Starting with the line that contains "0.625) (end 1.05" and stopping after the line that contains "(start -1.05 -4.44)", return each line below exactly as written, with no others.

[EXERCISE MATERIALS]

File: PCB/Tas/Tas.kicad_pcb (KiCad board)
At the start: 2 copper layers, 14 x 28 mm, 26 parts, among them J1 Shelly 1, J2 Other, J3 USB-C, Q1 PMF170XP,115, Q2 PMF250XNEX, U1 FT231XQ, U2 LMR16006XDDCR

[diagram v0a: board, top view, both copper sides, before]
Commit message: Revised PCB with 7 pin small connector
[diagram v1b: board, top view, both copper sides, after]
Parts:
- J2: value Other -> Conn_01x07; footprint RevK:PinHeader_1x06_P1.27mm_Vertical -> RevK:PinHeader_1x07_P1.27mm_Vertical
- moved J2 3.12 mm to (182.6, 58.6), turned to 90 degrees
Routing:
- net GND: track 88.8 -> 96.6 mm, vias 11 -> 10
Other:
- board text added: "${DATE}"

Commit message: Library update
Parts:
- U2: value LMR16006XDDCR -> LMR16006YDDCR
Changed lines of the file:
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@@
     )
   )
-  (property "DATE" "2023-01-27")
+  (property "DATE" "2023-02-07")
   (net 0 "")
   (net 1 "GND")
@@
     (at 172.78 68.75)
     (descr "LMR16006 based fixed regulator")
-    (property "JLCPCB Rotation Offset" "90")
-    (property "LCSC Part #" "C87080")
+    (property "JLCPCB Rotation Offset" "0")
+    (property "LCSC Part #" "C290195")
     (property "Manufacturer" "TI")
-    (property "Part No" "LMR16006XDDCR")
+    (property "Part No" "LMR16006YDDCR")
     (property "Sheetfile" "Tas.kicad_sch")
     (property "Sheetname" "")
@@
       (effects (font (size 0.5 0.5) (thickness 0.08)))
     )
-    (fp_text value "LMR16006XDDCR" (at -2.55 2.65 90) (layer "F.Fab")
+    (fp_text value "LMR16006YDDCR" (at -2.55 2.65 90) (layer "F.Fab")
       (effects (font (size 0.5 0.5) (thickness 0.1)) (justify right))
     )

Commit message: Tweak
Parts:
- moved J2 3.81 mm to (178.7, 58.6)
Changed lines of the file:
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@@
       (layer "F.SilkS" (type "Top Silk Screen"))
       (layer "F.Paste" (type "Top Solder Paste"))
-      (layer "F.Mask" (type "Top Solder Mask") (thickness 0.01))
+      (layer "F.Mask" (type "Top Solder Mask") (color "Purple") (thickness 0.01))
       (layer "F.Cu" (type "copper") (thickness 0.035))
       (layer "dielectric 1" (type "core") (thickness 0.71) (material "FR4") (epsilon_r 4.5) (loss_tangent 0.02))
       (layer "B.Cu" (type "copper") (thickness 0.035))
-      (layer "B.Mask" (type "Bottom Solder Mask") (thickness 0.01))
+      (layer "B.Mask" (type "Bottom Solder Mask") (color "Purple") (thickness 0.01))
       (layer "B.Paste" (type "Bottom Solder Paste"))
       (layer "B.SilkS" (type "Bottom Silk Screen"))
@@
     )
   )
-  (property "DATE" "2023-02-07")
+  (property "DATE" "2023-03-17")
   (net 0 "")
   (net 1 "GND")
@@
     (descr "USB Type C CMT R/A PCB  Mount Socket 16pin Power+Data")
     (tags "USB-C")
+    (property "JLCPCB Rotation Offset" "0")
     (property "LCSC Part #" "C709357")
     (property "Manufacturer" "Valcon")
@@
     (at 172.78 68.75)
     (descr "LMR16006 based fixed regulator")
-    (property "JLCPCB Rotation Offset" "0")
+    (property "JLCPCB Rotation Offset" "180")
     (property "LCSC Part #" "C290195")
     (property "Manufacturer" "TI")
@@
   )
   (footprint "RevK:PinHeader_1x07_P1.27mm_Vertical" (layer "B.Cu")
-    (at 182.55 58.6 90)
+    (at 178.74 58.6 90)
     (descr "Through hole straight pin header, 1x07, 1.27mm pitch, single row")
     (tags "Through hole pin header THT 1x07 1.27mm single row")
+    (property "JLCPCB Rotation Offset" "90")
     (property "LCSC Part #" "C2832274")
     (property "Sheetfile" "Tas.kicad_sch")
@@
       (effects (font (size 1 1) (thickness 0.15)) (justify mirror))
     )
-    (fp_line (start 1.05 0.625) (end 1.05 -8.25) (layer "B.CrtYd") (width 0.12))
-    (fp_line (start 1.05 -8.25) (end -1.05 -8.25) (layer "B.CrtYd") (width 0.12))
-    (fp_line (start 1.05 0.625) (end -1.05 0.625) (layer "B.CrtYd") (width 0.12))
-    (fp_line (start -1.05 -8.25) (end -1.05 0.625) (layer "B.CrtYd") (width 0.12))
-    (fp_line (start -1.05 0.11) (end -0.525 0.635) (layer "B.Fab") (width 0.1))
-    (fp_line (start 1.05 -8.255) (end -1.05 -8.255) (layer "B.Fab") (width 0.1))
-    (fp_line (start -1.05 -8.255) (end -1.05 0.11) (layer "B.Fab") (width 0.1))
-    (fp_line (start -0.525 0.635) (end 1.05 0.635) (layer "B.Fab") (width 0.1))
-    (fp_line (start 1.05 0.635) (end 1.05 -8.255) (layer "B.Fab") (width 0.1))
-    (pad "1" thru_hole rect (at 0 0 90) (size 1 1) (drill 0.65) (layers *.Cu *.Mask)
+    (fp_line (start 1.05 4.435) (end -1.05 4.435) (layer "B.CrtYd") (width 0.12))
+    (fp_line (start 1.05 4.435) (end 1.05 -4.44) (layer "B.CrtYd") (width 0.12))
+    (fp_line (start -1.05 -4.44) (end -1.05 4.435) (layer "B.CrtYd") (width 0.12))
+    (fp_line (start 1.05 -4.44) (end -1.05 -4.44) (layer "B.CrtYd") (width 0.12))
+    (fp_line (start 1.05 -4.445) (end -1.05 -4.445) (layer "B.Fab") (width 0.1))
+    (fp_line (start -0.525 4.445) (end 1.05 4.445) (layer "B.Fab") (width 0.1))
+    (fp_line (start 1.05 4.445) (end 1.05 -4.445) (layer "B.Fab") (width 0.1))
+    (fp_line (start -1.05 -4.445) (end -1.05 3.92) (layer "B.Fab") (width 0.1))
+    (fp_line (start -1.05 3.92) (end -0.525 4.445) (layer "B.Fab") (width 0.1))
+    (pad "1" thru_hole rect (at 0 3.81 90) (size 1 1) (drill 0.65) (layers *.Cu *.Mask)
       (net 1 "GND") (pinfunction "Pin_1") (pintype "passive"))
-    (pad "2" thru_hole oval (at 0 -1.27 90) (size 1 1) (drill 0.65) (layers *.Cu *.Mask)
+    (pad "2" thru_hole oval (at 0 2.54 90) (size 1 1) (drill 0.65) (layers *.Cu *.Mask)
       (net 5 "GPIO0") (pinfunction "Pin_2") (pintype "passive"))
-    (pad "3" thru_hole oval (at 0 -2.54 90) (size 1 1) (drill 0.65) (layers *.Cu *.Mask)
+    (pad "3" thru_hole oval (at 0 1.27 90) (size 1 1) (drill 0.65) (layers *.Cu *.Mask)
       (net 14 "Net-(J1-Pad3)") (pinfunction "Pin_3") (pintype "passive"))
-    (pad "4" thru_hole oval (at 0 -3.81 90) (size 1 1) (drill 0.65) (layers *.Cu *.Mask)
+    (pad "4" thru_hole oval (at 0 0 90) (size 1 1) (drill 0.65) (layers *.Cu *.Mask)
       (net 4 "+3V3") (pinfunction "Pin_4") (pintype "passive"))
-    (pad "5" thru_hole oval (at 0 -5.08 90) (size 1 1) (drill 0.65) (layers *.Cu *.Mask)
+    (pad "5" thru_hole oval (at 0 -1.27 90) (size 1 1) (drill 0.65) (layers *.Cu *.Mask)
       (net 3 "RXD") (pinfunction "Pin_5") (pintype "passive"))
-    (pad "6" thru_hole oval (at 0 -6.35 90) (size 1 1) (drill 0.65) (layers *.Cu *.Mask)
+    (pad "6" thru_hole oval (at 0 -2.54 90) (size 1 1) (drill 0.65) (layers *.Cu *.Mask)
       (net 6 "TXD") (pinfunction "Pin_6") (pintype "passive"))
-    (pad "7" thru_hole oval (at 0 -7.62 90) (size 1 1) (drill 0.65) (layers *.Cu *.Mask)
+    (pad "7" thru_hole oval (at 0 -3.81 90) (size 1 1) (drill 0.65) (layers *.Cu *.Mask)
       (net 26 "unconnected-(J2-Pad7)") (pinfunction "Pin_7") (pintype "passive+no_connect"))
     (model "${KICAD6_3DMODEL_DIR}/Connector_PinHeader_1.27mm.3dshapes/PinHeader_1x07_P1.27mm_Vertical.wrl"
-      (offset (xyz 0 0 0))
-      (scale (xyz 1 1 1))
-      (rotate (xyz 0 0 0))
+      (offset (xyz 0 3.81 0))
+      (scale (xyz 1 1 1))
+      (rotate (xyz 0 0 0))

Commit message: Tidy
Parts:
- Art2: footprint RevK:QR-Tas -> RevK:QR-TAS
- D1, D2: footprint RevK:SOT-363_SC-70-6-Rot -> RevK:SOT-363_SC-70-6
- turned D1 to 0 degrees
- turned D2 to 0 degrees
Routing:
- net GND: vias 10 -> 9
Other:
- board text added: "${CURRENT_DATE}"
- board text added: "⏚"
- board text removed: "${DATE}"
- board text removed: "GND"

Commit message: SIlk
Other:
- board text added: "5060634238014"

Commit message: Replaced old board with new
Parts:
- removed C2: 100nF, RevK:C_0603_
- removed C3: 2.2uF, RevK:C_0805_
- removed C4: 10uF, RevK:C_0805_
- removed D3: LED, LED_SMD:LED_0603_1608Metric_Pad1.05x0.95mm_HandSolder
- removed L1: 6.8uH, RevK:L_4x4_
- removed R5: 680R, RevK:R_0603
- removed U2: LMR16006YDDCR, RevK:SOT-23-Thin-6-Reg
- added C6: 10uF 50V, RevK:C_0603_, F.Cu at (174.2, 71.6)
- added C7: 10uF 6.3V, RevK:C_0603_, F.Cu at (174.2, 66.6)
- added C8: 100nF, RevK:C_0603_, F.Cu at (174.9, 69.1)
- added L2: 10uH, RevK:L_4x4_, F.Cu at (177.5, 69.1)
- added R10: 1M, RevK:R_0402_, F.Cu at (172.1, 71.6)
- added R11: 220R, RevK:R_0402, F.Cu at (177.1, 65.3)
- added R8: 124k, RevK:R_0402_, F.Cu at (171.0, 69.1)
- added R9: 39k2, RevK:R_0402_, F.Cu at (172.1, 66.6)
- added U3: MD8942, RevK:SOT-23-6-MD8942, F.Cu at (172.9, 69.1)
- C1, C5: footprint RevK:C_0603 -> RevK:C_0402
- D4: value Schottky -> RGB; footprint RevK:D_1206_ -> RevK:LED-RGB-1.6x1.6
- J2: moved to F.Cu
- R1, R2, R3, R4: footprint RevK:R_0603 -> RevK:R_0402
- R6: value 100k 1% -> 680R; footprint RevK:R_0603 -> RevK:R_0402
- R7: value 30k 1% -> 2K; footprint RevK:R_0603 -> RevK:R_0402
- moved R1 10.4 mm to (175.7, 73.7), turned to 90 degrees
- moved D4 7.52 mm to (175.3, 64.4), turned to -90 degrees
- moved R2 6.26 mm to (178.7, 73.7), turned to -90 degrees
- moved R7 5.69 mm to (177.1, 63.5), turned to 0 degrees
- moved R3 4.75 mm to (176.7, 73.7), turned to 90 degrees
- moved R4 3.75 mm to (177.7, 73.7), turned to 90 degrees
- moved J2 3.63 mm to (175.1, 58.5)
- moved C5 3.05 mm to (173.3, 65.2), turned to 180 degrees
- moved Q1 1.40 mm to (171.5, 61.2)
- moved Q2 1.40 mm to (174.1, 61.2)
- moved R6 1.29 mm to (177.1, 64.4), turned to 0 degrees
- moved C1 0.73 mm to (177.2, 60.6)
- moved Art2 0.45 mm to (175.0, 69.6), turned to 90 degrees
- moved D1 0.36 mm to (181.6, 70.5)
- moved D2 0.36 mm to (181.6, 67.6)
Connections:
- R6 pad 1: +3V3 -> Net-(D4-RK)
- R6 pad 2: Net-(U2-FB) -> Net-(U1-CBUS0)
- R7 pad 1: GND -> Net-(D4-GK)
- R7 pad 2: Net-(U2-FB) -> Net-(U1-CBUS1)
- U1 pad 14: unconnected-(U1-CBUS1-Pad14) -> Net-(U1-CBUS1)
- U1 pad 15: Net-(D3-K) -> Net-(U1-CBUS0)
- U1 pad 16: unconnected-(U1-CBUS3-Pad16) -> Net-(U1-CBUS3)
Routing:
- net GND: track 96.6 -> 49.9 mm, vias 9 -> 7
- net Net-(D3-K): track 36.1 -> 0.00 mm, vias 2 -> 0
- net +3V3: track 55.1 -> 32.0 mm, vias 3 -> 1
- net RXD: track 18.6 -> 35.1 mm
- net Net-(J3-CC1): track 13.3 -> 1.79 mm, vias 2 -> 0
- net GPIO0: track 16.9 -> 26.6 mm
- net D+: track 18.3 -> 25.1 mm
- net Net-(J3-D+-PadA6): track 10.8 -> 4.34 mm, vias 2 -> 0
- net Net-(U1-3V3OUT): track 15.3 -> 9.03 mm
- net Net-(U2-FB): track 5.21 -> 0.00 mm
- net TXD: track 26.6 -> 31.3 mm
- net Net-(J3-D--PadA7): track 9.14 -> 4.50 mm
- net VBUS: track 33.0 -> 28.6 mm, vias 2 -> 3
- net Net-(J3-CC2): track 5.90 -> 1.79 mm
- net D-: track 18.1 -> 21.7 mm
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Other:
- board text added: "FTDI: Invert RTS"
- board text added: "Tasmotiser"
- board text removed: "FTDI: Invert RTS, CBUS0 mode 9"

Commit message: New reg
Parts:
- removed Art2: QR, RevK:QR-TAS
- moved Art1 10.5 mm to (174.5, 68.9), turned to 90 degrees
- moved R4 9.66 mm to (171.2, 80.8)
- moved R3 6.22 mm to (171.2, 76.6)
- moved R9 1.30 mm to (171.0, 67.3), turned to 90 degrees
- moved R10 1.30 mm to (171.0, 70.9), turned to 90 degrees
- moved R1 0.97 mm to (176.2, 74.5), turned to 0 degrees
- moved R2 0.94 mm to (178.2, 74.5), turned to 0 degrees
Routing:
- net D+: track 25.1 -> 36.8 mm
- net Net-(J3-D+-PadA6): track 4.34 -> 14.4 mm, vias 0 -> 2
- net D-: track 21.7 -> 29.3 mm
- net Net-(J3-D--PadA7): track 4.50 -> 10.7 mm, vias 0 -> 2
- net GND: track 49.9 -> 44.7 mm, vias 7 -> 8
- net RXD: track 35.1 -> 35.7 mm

[/EXERCISE MATERIALS]

— REPLY TO THE TASK —
-    (fp_line (start 1.05 0.625) (end 1.05 -8.25) (layer "B.CrtYd") (width 0.12))
-    (fp_line (start 1.05 -8.25) (end -1.05 -8.25) (layer "B.CrtYd") (width 0.12))
-    (fp_line (start 1.05 0.625) (end -1.05 0.625) (layer "B.CrtYd") (width 0.12))
-    (fp_line (start -1.05 -8.25) (end -1.05 0.625) (layer "B.CrtYd") (width 0.12))
-    (fp_line (start -1.05 0.11) (end -0.525 0.635) (layer "B.Fab") (width 0.1))
-    (fp_line (start 1.05 -8.255) (end -1.05 -8.255) (layer "B.Fab") (width 0.1))
-    (fp_line (start -1.05 -8.255) (end -1.05 0.11) (layer "B.Fab") (width 0.1))
-    (fp_line (start -0.525 0.635) (end 1.05 0.635) (layer "B.Fab") (width 0.1))
-    (fp_line (start 1.05 0.635) (end 1.05 -8.255) (layer "B.Fab") (width 0.1))
-    (pad "1" thru_hole rect (at 0 0 90) (size 1 1) (drill 0.65) (layers *.Cu *.Mask)
+    (fp_line (start 1.05 4.435) (end -1.05 4.435) (layer "B.CrtYd") (width 0.12))
+    (fp_line (start 1.05 4.435) (end 1.05 -4.44) (layer "B.CrtYd") (width 0.12))
+    (fp_line (start -1.05 -4.44) (end -1.05 4.435) (layer "B.CrtYd") (width 0.12))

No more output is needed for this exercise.